Un' intervista ai colleghi (di Angela
Barchielli)
Anno 1999
In considerazione del crescente
interesse dimostrato dal mondo scientifico e professionale per
la pedagogia clinica, ci è sembrato opportuno raccogliere notizie
dirette da quanti hanno fatto di questa scienza la loro professione.
Dall’indagine sono emersi in maniera significativa alcuni degli
aspetti nei confronti dei quali è stato realizzato un intervento
di aiuto. A questo riguardo Simona De Alberti, dal suo studio
in Pavia, dice "E’ presente un diffuso disorientamento da parte
delle figure parentali nella comprensione del proprio ruolo
genitoriale e dei cambiamenti evolutivi del proprio figlio.
Sono, queste difficoltà che impongono al pedagogista clinico
di offrire ai genitori l’opportunità di comprendere e riconoscere
la caratterizzazione evolutiva e non patologica di alcuni disagi
comportamentali dei figli".
Ciò rappresenta un aiuto verso la presa di coscienza delle dinamiche
infantili, un’offerta di sostegno e di indirizzo su come accompagnare
il bambino nella sua crescita: un impegno educativo a cui il
pedagogista clinico può dare sicure risposte. L’aiuto può essere
offerto a soggetti di ogni età, al singolo come al gruppo, in
studi professionali, in atelier, in scuole o in Istituti.

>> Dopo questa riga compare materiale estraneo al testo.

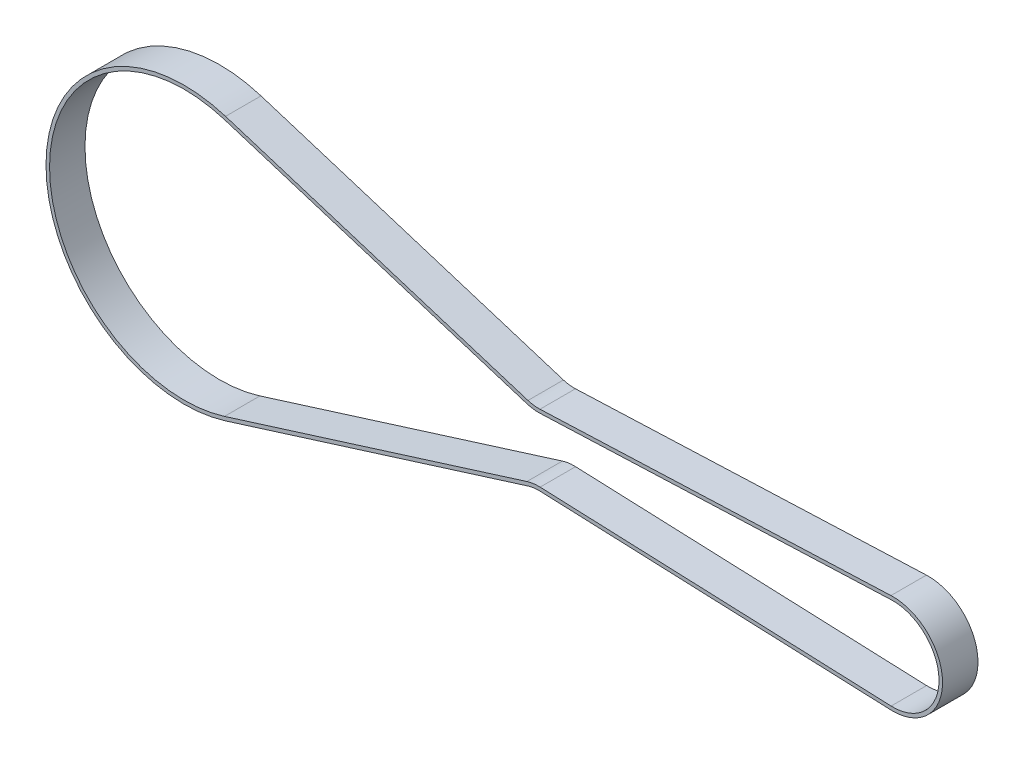
SolidWorks part; units mm, degrees
material "Caoutchouc"
ref_plane "Plan de face" through (0, 0, 0) normal (0, 0, 1) x (1, 0, 0)
ref_plane "Plan de dessus" through (0, 0, 0) normal (0, 1, 0) x (1, 0, 0)
ref_plane "Plan de droite" through (0, 0, 0) normal (1, 0, 0) x (0, 0, -1)
sketch "Esquisse1" plane through (0, 0, 0) normal (0, 0, 1) x (1, 0, 0)
  line L2 (-215.6391, -21.7184) -> (-15.6391, -21.7184) construction
  line L3 (-204.2711, 14.5413) -> (-118.9299, -12.2146)
  line L4 (-16.1612, -8.7289) -> (-115.1973, -12.7095)
  line L5 (-16.1612, -34.7079) -> (-115.1973, -30.7273)
  line L6 (-204.2711, -57.9781) -> (-118.9299, -31.2221)
  circle A0 centre (-215.6391, -21.7184) radius 38 construction
  circle A1 centre (-15.6391, -21.7184) radius 13 construction
  arc A2 (-204.2711, 14.5413) -> (-204.2711, -57.9781) centre (-215.6391, -21.7184) ccw
  arc A3 (-16.1612, -8.7289) -> (-16.1612, -34.7079) centre (-15.6391, -21.7184) cw
  arc A4 (-118.9299, -12.2146) -> (-115.1973, -12.7095) centre (-115.6391, -1.7184) ccw
  arc A5 (-118.9299, -31.2221) -> (-115.1973, -30.7273) centre (-115.6391, -41.7184) cw
  point P15 (0, 0)
  point P16 (0, 0)
  point P20 (-17.3461, -34.6603)
  dimension "D1" = 76
  dimension "D2" = 26
  dimension "D3" = 11
extrude "Extru.-Mince1" add sketch "Esquisse1" along normal blind 10 thin thin type one direction wall 1

Tutte queste opportunità professionali sono ampiamente rappresentate
dall’attività dl Maria Fiore, pedagogista clinico di Vasto (Chieti)
che contemporaneamente al lavoro esercitato nel proprio studio,
espleta varie altre attività, fra cui "consulenza pedagogico-clinica
In una scuola materna privata di Vasto, animazione presso scuole
elementari di vari comuni della Toscana e aggiornamento a insegnanti
di ogni ordine e grado per conto di alcuni Provveditorati italiani".
Anche Anna La Mattina di Cinisi (Palermo) al lavoro nel suo
studio privato affianca l’ impegno in scuole della propria zona
e in aggiornamenti in enti pubblici e privati fra cui l’ENFAP
di Trieste. Domenico Nardella, pedagogista clinico di Torino,
oltre all’attività di studio fa formazione presso aziende private
a funzionari e quadri intermedi a livello singolo (sviluppo
personale) e di aula. Collabora inoltre con i Centri Educativi
Salesiani per interventi di aiuto a preadolescenti e adolescenti.